Anımsarsak büyük depremin, çok büyük ekonomik, sosyal, siyasal yıkımları yaşanmıştı. Dönemin zorlu koşullarında, depremle gelmiş ekonomik yıkıma karşı Ecevit Hükümeti’ne Dünya Bankası’ndan kurtarıcı uzman olarak Kemal Derviş gönderilmişti. Bir de geçici sözü verilmiş, işçiler için iş güvencesi yasası gündemdeydi. Ne ilginç bir ataktır ki, medya patronları işçiler için sözü verilmiş bu yasaya itiraz etmeden, gazetecilerin aynı yasa kapsamında olmamalarını dayatan bir çıkışla geldiler.
Amerika’nın tam da Irak işgali için, Türkiye’den girişe, savaşa onaya Ecevit’i zorladığı, onun da kesin reddettiği günlerdi. Önce kurtarıcı Derviş’e Ecevit’in yerine parti kurdurulması, sonrasında siyaseten onay verecek yeni liderler, partiler arayışları gündeme girmişti.

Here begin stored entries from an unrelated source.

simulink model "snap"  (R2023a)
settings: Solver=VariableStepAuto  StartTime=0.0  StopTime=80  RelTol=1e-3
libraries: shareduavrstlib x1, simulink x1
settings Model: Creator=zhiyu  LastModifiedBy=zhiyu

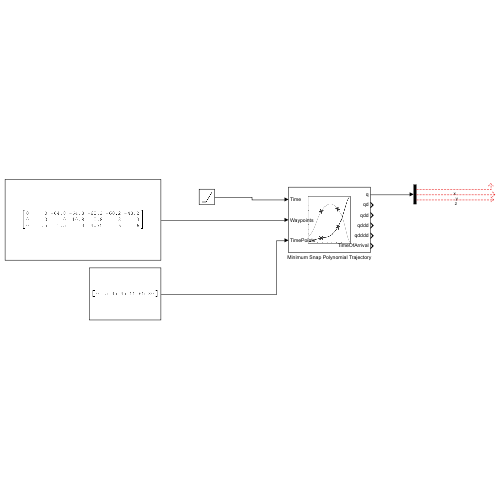
[thumbnail: Simulink's stored preview of the top-level diagram]
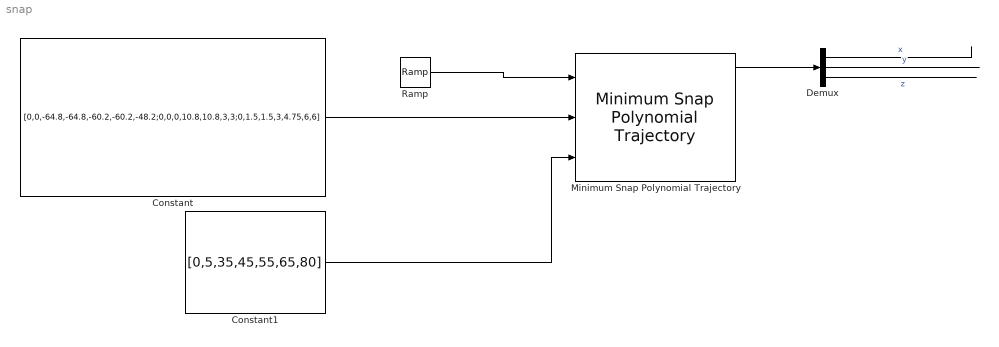
== system snap ==
  Constant : Constant  Value=[0,0,-64.8,-64.8,-60.2,-60.2,-48.2;0,0,0,10.8,10.8,3,3;0,1.5,1.5,3,4.75,6,6]  VectorParams1D=off
  Constant1 : Constant  Value=[0,5,35,45,55,65,80]  VectorParams1D=off
  Demux : Demux  Outputs=3
  Minimum Snap Polynomial Trajectory : shareduavrstlib/Minimum Snap Polynomial Trajectory  ShowBCInputPort=off  ShowPolynomialCoefs=off  ShowStatusOutputPort=off  TimeAllocation=off  TimeWeight=100  MinSegmentTime=0.1  MaxSegmentTime=1  MaxIteration=1500  MaxTime=10  SimulateUsing=Interpreted execution
      settings: LibrarySourceBlock=robotutilslib/Minimum Snap Polynomial Trajectory
  Ramp : simulink/Sources/Ramp  slope=1  start=0  InitialOutput=0
  wires:
  Minimum Snap Polynomial Trajectory/1 -> Demux/1
  Demux/1 -> ?  "x"
  Demux/2 -> ?  "y"
  Demux/3 -> ?  "z"
  Constant/1 -> Minimum Snap Polynomial Trajectory/2
  Ramp/1 -> Minimum Snap Polynomial Trajectory/1
  Constant1/1 -> Minimum Snap Polynomial Trajectory/3

Bize de hem iş güvencesi, hem de gazetecilerin haklarının korunması yolunda Ecevit ile dayanışma dışında çıkış yolu kalmamıştı.

***

Erdoğan liderliği, AK Parti’nin o günkü 2002 operasyonları tam da Irak işgali, tezkere sözü verilmesi üzerinden, AKP kurucu kadrolarının Milli Görüş hareketi, Saadet’in içinden kopuş operasyonları, Gülen Cemaati ile ittifak koalisyonuyla, “ılımlı İslam” projesiyle yola çıkışlarını gündeme getirdi.
Ecevit, ağır sağlık koşullarına rağmen, gece yarısından sonra sürdürülen Meclis oturumlarının başında durarak, diğer koalisyon ortaklarından gelebilecek tuzaklara karşı, son kalacak milletvekilini de bakan yapma kararlılığında, iş güvencesi ile içinde gazetecileri koruyabilmenin direncini, sınavını verdi. Saadet’ten kopan AKP kurucu kadroları ile Gülen Cemaati ortaklığının ittifakı, AK Parti’nin kuruluşuna hep birlikte tanıklık ettik...
15 Temmuz Amerikan projesi FETÖ’cü darbenin kanlı yarım kalması ile ortaklığın siyasal ittifakları içinde yaşanan basın özgürlüğüne ilişkin kayıpları, iliştirilmiş, yandaş gazetecilik örneklerini yinelemeden bugünün tablosuna geçersek... Gazetecilik örgütlerimizin raporlarıyla sabit olduğu üzere 2018’de 47 gazeteci tutuklandı, 76’sı hapis veya para cezası aldı. 700’ü işsiz kaldı. Son üç yılda 1954 gazetecinin basın kartı iptal edildi. Çok sayıda gazeteci işten çıkarıldı. Çok sayıda haber üzerinden yayınlara ceza kesildi. Uluslararası gazetecilik örgütlerinin yargısız infaz niteliğinde tutuklulukları sürdürülen gazetecilerin serbest bırakılmalarına ilişkin çağrılara yanıt verilmedi...  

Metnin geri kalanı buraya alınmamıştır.